= David Gray (academic) =

Academic and university administrator

David Gray is a university professor and administrator who is currently serving as the President and Vice-Chancellor of the University of Niagara Falls Canada. He was previously the university’s Provost and Vice-President, Academic. Prior to this, he served for a decade as the Dean of the Faculty of Agriculture at Dalhousie University, and as Campus Principal for its Agriculture Campus.

== Education ==
Gray holds a degree in Marine Biology from the University College of North Wales in Bangor, United Kingdom and a PhD in Zoology from Rhodes University in South Africa.

== Career ==

=== Academia ===
Gray began his career as a zoology professor at the University of Western Cape and Rhodes University in South Africa. He then relocated to the United Kingdom to work as a lecturer and in senior academic roles at the University of Exeter; Hartpury College, then part of the University of West England; the University of Derby, Buxton and Buxton College for Further Education. In 2008, he was named the Director of the NACF Marine Centre at the University of the Highlands and Islands in the Shetland Islands. During his time there, he was asked to also serve as Principal of Shetland College.

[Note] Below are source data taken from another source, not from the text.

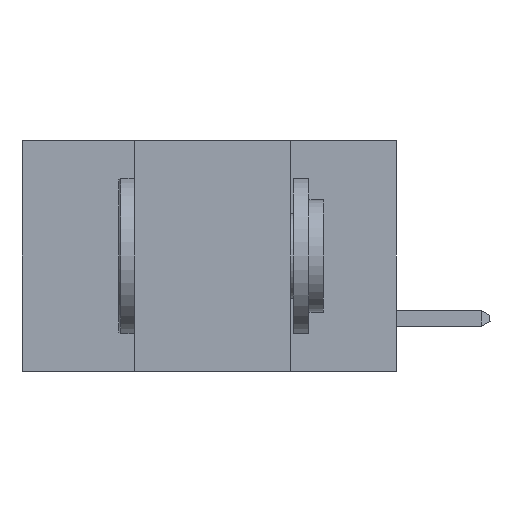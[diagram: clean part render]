
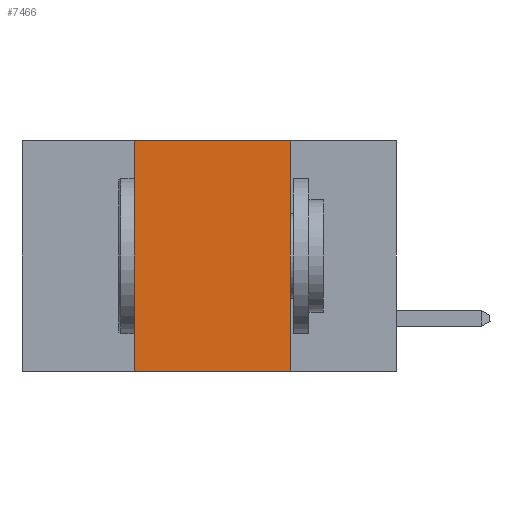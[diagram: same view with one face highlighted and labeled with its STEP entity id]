
A CAD part, left-side view. The second image highlights one B-rep face of the part: STEP entity #7466.
In plain terms, the highlighted planar face has unit normal (-1, 0, 0).
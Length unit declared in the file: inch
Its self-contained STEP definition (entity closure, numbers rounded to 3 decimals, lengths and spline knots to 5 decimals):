
#762 = CARTESIAN_POINT ( 'NONE',  ( 0., 0.6, -0.37 ) ) ;
#1199 = DIRECTION ( 'NONE',  ( 0., 0., -1. ) ) ;
#2695 = FACE_OUTER_BOUND ( 'NONE', #13368, .T. ) ;
#3528 = CARTESIAN_POINT ( 'NONE',  ( 0., 0.42, 0. ) ) ;
#4283 = DIRECTION ( 'NONE',  ( 0., 0., -1. ) ) ;
#4321 = DIRECTION ( 'NONE',  ( 1., 0., 0. ) ) ;
#4354 = CARTESIAN_POINT ( 'NONE',  ( 0., 0.6, 0. ) ) ;
#4503 = PLANE ( 'NONE',  #4920 ) ;
#4920 = AXIS2_PLACEMENT_3D ( 'NONE', #4354, #4321, #4283 ) ;
#5145 = EDGE_CURVE ( 'NONE', #5542, #30758, #28484, .T. ) ;
#5542 = VERTEX_POINT ( 'NONE', #3528 ) ;
#6431 = VERTEX_POINT ( 'NONE', #20700 ) ;
#7466 = ADVANCED_FACE ( 'NONE', ( #2695 ), #4503, .F. ) ;
#7777 = DIRECTION ( 'NONE',  ( 0., 0., 1. ) ) ;
#7969 = EDGE_CURVE ( 'NONE', #30758, #17334, #27856, .T. ) ;
#11411 = CARTESIAN_POINT ( 'NONE',  ( 0., 0.17, 0. ) ) ;
#12872 = CARTESIAN_POINT ( 'NONE',  ( 0., 0.42, 0. ) ) ;
#13368 = EDGE_LOOP ( 'NONE', ( #16613, #17493, #19241, #19712 ) ) ;
#14536 = VECTOR ( 'NONE', #1199, 39.37008 ) ;
#15940 = VECTOR ( 'NONE', #19235, 39.37008 ) ;
#16613 = ORIENTED_EDGE ( 'NONE', *, *, #7969, .F. ) ;
#17291 = CARTESIAN_POINT ( 'NONE',  ( 0., 0.17, -0.37 ) ) ;
#17334 = VERTEX_POINT ( 'NONE', #17291 ) ;
#17493 = ORIENTED_EDGE ( 'NONE', *, *, #5145, .F. ) ;
#19235 = DIRECTION ( 'NONE',  ( 0., -1., 0. ) ) ;
#19241 = ORIENTED_EDGE ( 'NONE', *, *, #20402, .F. ) ;
#19338 = CARTESIAN_POINT ( 'NONE',  ( 0., 0.6, 0. ) ) ;
#19712 = ORIENTED_EDGE ( 'NONE', *, *, #26061, .T. ) ;
#20052 = CARTESIAN_POINT ( 'NONE',  ( 0., 0.17, 0. ) ) ;
#20402 = EDGE_CURVE ( 'NONE', #6431, #5542, #24682, .T. ) ;
#20700 = CARTESIAN_POINT ( 'NONE',  ( 0., 0.42, -0.37 ) ) ;
#23899 = VECTOR ( 'NONE', #7777, 39.37008 ) ;
#24682 = LINE ( 'NONE', #12872, #23899 ) ;
#24844 = VECTOR ( 'NONE', #28540, 39.37008 ) ;
#26061 = EDGE_CURVE ( 'NONE', #6431, #17334, #31551, .T. ) ;
#27856 = LINE ( 'NONE', #11411, #14536 ) ;
#28484 = LINE ( 'NONE', #19338, #15940 ) ;
#28540 = DIRECTION ( 'NONE',  ( 0., -1., 0. ) ) ;
#30758 = VERTEX_POINT ( 'NONE', #20052 ) ;
#31551 = LINE ( 'NONE', #762, #24844 ) ;

In 2013, Gray moved to Canada to be Dean of the Faculty of Agriculture at Dalhousie University, and as Campus Principal for its Agriculture Campus.

In 2023, Gray was named the inaugural Provost and Vice-President, Academic at the University of Niagara Falls Canada. He was later appointed as the university’s President and Vice-Chancellor in 2025.

=== Advisory work ===

In 2015, Gray was appointed to the Nova Scotia Ministry of Agriculture & Fisheries’ Aquaculture Science Advisory Committee, a five-member advisory panel of scientists guiding the province’s aquaculture reset.

== Honours ==

In 2022, Gray was awarded the Queen Elizabeth II Platinum Jubilee Medal for his service in higher education in Canada.